■ Assignment
Your reply should hold only the lines from the records below where "CIRCLE" occurs.

(Collected data entries)
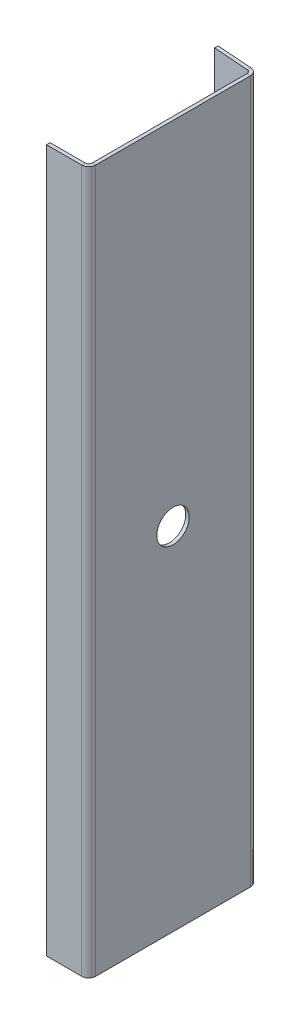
ISO-10303-21;
HEADER;
FILE_DESCRIPTION(('STEP AP214'),'2;1');
FILE_NAME('part.step','',(''),(''),'','','');
FILE_SCHEMA(('AUTOMOTIVE_DESIGN { 1 0 10303 214 1 1 1 1 }'));
ENDSEC;
DATA;
#1=APPLICATION_CONTEXT('core data for automotive mechanical design processes');
#2=APPLICATION_PROTOCOL_DEFINITION('international standard','automotive_design',2000,#1);
#3=PRODUCT_CONTEXT('',#1,'mechanical');
#4=PRODUCT('Part','Part','',(#3));
#5=PRODUCT_RELATED_PRODUCT_CATEGORY('part','',(#4));
#6=PRODUCT_DEFINITION_FORMATION('','',#4);
#7=PRODUCT_DEFINITION_CONTEXT('part definition',#1,'design');
#8=PRODUCT_DEFINITION('design','',#6,#7);
#9=PRODUCT_DEFINITION_SHAPE('','',#8);
#10=(LENGTH_UNIT() NAMED_UNIT(*) SI_UNIT(.MILLI.,.METRE.));
#11=(NAMED_UNIT(*) PLANE_ANGLE_UNIT() SI_UNIT($,.RADIAN.));
#12=(NAMED_UNIT(*) SI_UNIT($,.STERADIAN.) SOLID_ANGLE_UNIT());
#13=UNCERTAINTY_MEASURE_WITH_UNIT(LENGTH_MEASURE(1.E-05),#10,'distance_accuracy_value','');
#14=(GEOMETRIC_REPRESENTATION_CONTEXT(3) GLOBAL_UNCERTAINTY_ASSIGNED_CONTEXT((#13)) GLOBAL_UNIT_ASSIGNED_CONTEXT((#10,
#11,#12)) REPRESENTATION_CONTEXT('',''));
#15=CARTESIAN_POINT('',(0.,0.,0.));
#16=DIRECTION('',(0.,0.,1.));
#17=DIRECTION('',(1.,0.,0.));
#18=AXIS2_PLACEMENT_3D('',#15,#16,#17);
#19=CARTESIAN_POINT('',(0.,1270.,-6.35));
#20=DIRECTION('',(0.,1.,0.));
#21=DIRECTION('',(0.,0.,1.));
#22=AXIS2_PLACEMENT_3D('',#19,#20,#21);
#23=PLANE('',#22);
#24=DIRECTION('',(1.,0.,0.));
#25=VECTOR('',#24,1.);
#26=CARTESIAN_POINT('',(0.,1270.,-6.35));
#27=LINE('',#26,#25);
#28=CARTESIAN_POINT('',(0.,1270.,-6.35));
#29=VERTEX_POINT('',#28);
#30=CARTESIAN_POINT('',(6.35,1270.,-6.35));
#31=VERTEX_POINT('',#30);
#32=EDGE_CURVE('E11',#29,#31,#27,.T.);
#33=ORIENTED_EDGE('',*,*,#32,.F.);
#34=CARTESIAN_POINT('',(-6.35,1270.,-6.35));
#35=DIRECTION('',(0.,-1.,0.));
#36=DIRECTION('',(0.,0.,-1.));
#37=AXIS2_PLACEMENT_3D('',#34,#35,#36);
#38=CIRCLE('',#37,6.35);
#39=CARTESIAN_POINT('',(-6.34999999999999,1270.,0.));
#40=VERTEX_POINT('',#39);
#41=EDGE_CURVE('E249',#40,#29,#38,.F.);
#42=ORIENTED_EDGE('',*,*,#41,.F.);
#43=DIRECTION('',(0.,0.,-1.));
#44=VECTOR('',#43,1.);
#45=CARTESIAN_POINT('',(-6.35,1270.,6.35));
#46=LINE('',#45,#44);
#47=CARTESIAN_POINT('',(-6.35,1270.,6.35));
#48=VERTEX_POINT('',#47);
#49=EDGE_CURVE('E46',#48,#40,#46,.T.);
#50=ORIENTED_EDGE('',*,*,#49,.F.);
#51=CARTESIAN_POINT('',(-6.35,1270.,-6.35));
#52=DIRECTION('',(0.,1.,0.));
#53=DIRECTION('',(1.,0.,0.));
#54=AXIS2_PLACEMENT_3D('',#51,#52,#53);
#55=CIRCLE('',#54,12.7);
#56=EDGE_CURVE('E147',#48,#31,#55,.T.);
#57=ORIENTED_EDGE('',*,*,#56,.T.);
#58=EDGE_LOOP('',(#33,#42,#50,#57));
#59=FACE_BOUND('',#58,.T.);
#60=ADVANCED_FACE('F38',(#59),#23,.T.);
#61=CARTESIAN_POINT('',(-6.35,1270.,6.35));
#62=DIRECTION('',(0.,1.,0.));
#63=DIRECTION('',(0.,0.,1.));
#64=AXIS2_PLACEMENT_3D('',#61,#62,#63);
#65=PLANE('',#64);
#66=DIRECTION('',(0.,0.,-1.));
#67=VECTOR('',#66,1.);
#68=CARTESIAN_POINT('',(0.,1270.,0.));
#69=LINE('',#68,#67);
#70=CARTESIAN_POINT('',(0.,1270.,-286.178529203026));
#71=VERTEX_POINT('',#70);
#72=EDGE_CURVE('E141',#29,#71,#69,.T.);
#73=ORIENTED_EDGE('',*,*,#72,.F.);
#74=ORIENTED_EDGE('',*,*,#32,.T.);
#75=DIRECTION('',(0.,0.,-1.));
#76=VECTOR('',#75,1.);
#77=CARTESIAN_POINT('',(6.35,1270.,0.));
#78=LINE('',#77,#76);
#79=CARTESIAN_POINT('',(6.35,1270.,-286.178529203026));
#80=VERTEX_POINT('',#79);
#81=EDGE_CURVE('E138',#31,#80,#78,.T.);
#82=ORIENTED_EDGE('',*,*,#81,.T.);
#83=DIRECTION('',(-1.,0.,0.));
#84=VECTOR('',#83,1.);
#85=CARTESIAN_POINT('',(6.35,1270.,-286.178529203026));
#86=LINE('',#85,#84);
#87=EDGE_CURVE('E230',#80,#71,#86,.T.);
#88=ORIENTED_EDGE('',*,*,#87,.T.);
#89=EDGE_LOOP('',(#73,#74,#82,#88));
#90=FACE_BOUND('',#89,.T.);
#91=ADVANCED_FACE('F136',(#90),#65,.T.);
#92=CARTESIAN_POINT('',(-6.34999999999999,0.,0.));
#93=DIRECTION('',(0.,-1.,0.));
#94=DIRECTION('',(0.,0.,-1.));
#95=AXIS2_PLACEMENT_3D('',#92,#93,#94);
#96=PLANE('',#95);
#97=DIRECTION('',(0.,0.,1.));
#98=VECTOR('',#97,1.);
#99=CARTESIAN_POINT('',(-6.34999999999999,0.,0.));
#100=LINE('',#99,#98);
#101=CARTESIAN_POINT('',(-6.34999999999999,0.,0.));
#102=VERTEX_POINT('',#101);
#103=CARTESIAN_POINT('',(-6.35,0.,6.35));
#104=VERTEX_POINT('',#103);
#105=EDGE_CURVE('E235',#102,#104,#100,.T.);
#106=ORIENTED_EDGE('',*,*,#105,.F.);
#107=CARTESIAN_POINT('',(-6.35,0.,-6.35));
#108=DIRECTION('',(0.,-1.,0.));
#109=DIRECTION('',(0.,0.,-1.));
#110=AXIS2_PLACEMENT_3D('',#107,#108,#109);
#111=CIRCLE('',#110,6.35);
#112=CARTESIAN_POINT('',(0.,0.,-6.35));
#113=VERTEX_POINT('',#112);
#114=EDGE_CURVE('E187',#102,#113,#111,.F.);
#115=ORIENTED_EDGE('',*,*,#114,.T.);
#116=DIRECTION('',(-1.,0.,0.));
#117=VECTOR('',#116,1.);
#118=CARTESIAN_POINT('',(6.35,0.,-6.35));
#119=LINE('',#118,#117);
#120=CARTESIAN_POINT('',(6.35,0.,-6.35));
#121=VERTEX_POINT('',#120);
#122=EDGE_CURVE('E233',#121,#113,#119,.T.);
#123=ORIENTED_EDGE('',*,*,#122,.F.);
#124=CARTESIAN_POINT('',(-6.35,0.,-6.35));
#125=DIRECTION('',(0.,1.,0.));
#126=DIRECTION('',(1.,0.,0.));
#127=AXIS2_PLACEMENT_3D('',#124,#125,#126);
#128=CIRCLE('',#127,12.7);
#129=EDGE_CURVE('E159',#104,#121,#128,.T.);
#130=ORIENTED_EDGE('',*,*,#129,.F.);
#131=EDGE_LOOP('',(#106,#115,#123,#130));
#132=FACE_BOUND('',#131,.T.);
#133=ADVANCED_FACE('F292',(#132),#96,.T.);
#134=CARTESIAN_POINT('',(6.35,0.,-6.35));
#135=DIRECTION('',(0.,-1.,0.));
#136=DIRECTION('',(0.,0.,-1.));
#137=AXIS2_PLACEMENT_3D('',#134,#135,#136);
#138=PLANE('',#137);
#139=DIRECTION('',(1.,0.,0.));
#140=VECTOR('',#139,1.);
#141=CARTESIAN_POINT('',(-69.85,0.,0.));
#142=LINE('',#141,#140);
#143=CARTESIAN_POINT('',(-69.85,0.,0.));
#144=VERTEX_POINT('',#143);
#145=EDGE_CURVE('E190',#144,#102,#142,.T.);
#146=ORIENTED_EDGE('',*,*,#145,.T.);
#147=ORIENTED_EDGE('',*,*,#105,.T.);
#148=DIRECTION('',(1.,0.,0.));
#149=VECTOR('',#148,1.);
#150=CARTESIAN_POINT('',(-69.85,0.,6.35));
#151=LINE('',#150,#149);
#152=CARTESIAN_POINT('',(-69.85,0.,6.35));
#153=VERTEX_POINT('',#152);
#154=EDGE_CURVE('E196',#153,#104,#151,.T.);
#155=ORIENTED_EDGE('',*,*,#154,.F.);
#156=DIRECTION('',(0.,0.,-1.));
#157=VECTOR('',#156,1.);
#158=CARTESIAN_POINT('',(-69.85,0.,6.35));
#159=LINE('',#158,#157);
#160=EDGE_CURVE('E193',#153,#144,#159,.T.);
#161=ORIENTED_EDGE('',*,*,#160,.T.);
#162=EDGE_LOOP('',(#146,#147,#155,#161));
#163=FACE_BOUND('',#162,.T.);
#164=ADVANCED_FACE('F296',(#163),#138,.T.);
#165=CARTESIAN_POINT('',(-5.90704639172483,1270.,-292.513060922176));
#166=DIRECTION('',(0.,1.,0.));
#167=DIRECTION('',(0.,0.,1.));
#168=AXIS2_PLACEMENT_3D('',#165,#166,#167);
#169=PLANE('',#168);
#170=DIRECTION('',(0.0697564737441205,0.,-0.997564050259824));
#171=VECTOR('',#170,1.);
#172=CARTESIAN_POINT('',(-5.90704639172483,1270.,-292.513060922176));
#173=LINE('',#172,#171);
#174=CARTESIAN_POINT('',(-5.90704639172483,1270.,-292.513060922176));
#175=VERTEX_POINT('',#174);
#176=CARTESIAN_POINT('',(-5.46409278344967,1270.,-298.847592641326));
#177=VERTEX_POINT('',#176);
#178=EDGE_CURVE('E54',#175,#177,#173,.T.);
#179=ORIENTED_EDGE('',*,*,#178,.F.);
#180=CARTESIAN_POINT('',(-6.35,1270.,-286.178529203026));
#181=DIRECTION('',(0.,-1.,0.));
#182=DIRECTION('',(0.,0.,-1.));
#183=AXIS2_PLACEMENT_3D('',#180,#181,#182);
#184=CIRCLE('',#183,6.35);
#185=EDGE_CURVE('E259',#71,#175,#184,.F.);
#186=ORIENTED_EDGE('',*,*,#185,.F.);
#187=ORIENTED_EDGE('',*,*,#87,.F.);
#188=CARTESIAN_POINT('',(-6.35,1270.,-286.178529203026));
#189=DIRECTION('',(0.,1.,0.));
#190=DIRECTION('',(1.,0.,0.));
#191=AXIS2_PLACEMENT_3D('',#188,#189,#190);
#192=CIRCLE('',#191,12.7);
#193=EDGE_CURVE('E167',#80,#177,#192,.T.);
#194=ORIENTED_EDGE('',*,*,#193,.T.);
#195=EDGE_LOOP('',(#179,#186,#187,#194));
#196=FACE_BOUND('',#195,.T.);
#197=ADVANCED_FACE('F302',(#196),#169,.T.);
#198=CARTESIAN_POINT('',(6.35,1270.,-286.178529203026));
#199=DIRECTION('',(0.,1.,0.));
#200=DIRECTION('',(0.,0.,1.));
#201=AXIS2_PLACEMENT_3D('',#198,#199,#200);
#202=PLANE('',#201);
#203=DIRECTION('',(-0.997564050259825,0.,-0.0697564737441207));
#204=VECTOR('',#203,1.);
#205=CARTESIAN_POINT('',(0.,1270.,-292.1));
#206=LINE('',#205,#204);
#207=CARTESIAN_POINT('',(-69.6798489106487,1270.,-296.972489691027));
#208=VERTEX_POINT('',#207);
#209=EDGE_CURVE('E262',#175,#208,#206,.T.);
#210=ORIENTED_EDGE('',*,*,#209,.F.);
#211=ORIENTED_EDGE('',*,*,#178,.T.);
#212=DIRECTION('',(-0.997564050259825,0.,-0.0697564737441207));
#213=VECTOR('',#212,1.);
#214=CARTESIAN_POINT('',(0.442953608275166,1270.,-298.43453171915));
#215=LINE('',#214,#213);
#216=CARTESIAN_POINT('',(-69.2368953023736,1270.,-303.307021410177));
#217=VERTEX_POINT('',#216);
#218=EDGE_CURVE('E108',#177,#217,#215,.T.);
#219=ORIENTED_EDGE('',*,*,#218,.T.);
#220=DIRECTION('',(0.0697564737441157,0.,-0.997564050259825));
#221=VECTOR('',#220,1.);
#222=CARTESIAN_POINT('',(-69.6798489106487,1270.,-296.972489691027));
#223=LINE('',#222,#221);
#224=EDGE_CURVE('E265',#208,#217,#223,.T.);
#225=ORIENTED_EDGE('',*,*,#224,.F.);
#226=EDGE_LOOP('',(#210,#211,#219,#225));
#227=FACE_BOUND('',#226,.T.);
#228=ADVANCED_FACE('F306',(#227),#202,.T.);
#229=CARTESIAN_POINT('',(0.,0.,-286.178529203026));
#230=DIRECTION('',(0.,-1.,0.));
#231=DIRECTION('',(0.,0.,-1.));
#232=AXIS2_PLACEMENT_3D('',#229,#230,#231);
#233=PLANE('',#232);
#234=DIRECTION('',(1.,0.,0.));
#235=VECTOR('',#234,1.);
#236=CARTESIAN_POINT('',(0.,0.,-286.178529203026));
#237=LINE('',#236,#235);
#238=CARTESIAN_POINT('',(0.,0.,-286.178529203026));
#239=VERTEX_POINT('',#238);
#240=CARTESIAN_POINT('',(6.35,0.,-286.178529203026));
#241=VERTEX_POINT('',#240);
#242=EDGE_CURVE('E95',#239,#241,#237,.T.);
#243=ORIENTED_EDGE('',*,*,#242,.F.);
#244=CARTESIAN_POINT('',(-6.35,0.,-286.178529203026));
#245=DIRECTION('',(0.,-1.,0.));
#246=DIRECTION('',(0.,0.,-1.));
#247=AXIS2_PLACEMENT_3D('',#244,#245,#246);
#248=CIRCLE('',#247,6.35);
#249=CARTESIAN_POINT('',(-5.90704639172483,0.,-292.513060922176));
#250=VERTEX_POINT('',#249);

■ Task answer
#38=CIRCLE('',#37,6.35);
#55=CIRCLE('',#54,12.7);
#111=CIRCLE('',#110,6.35);
#128=CIRCLE('',#127,12.7);
#184=CIRCLE('',#183,6.35);
#192=CIRCLE('',#191,12.7);
#248=CIRCLE('',#247,6.35);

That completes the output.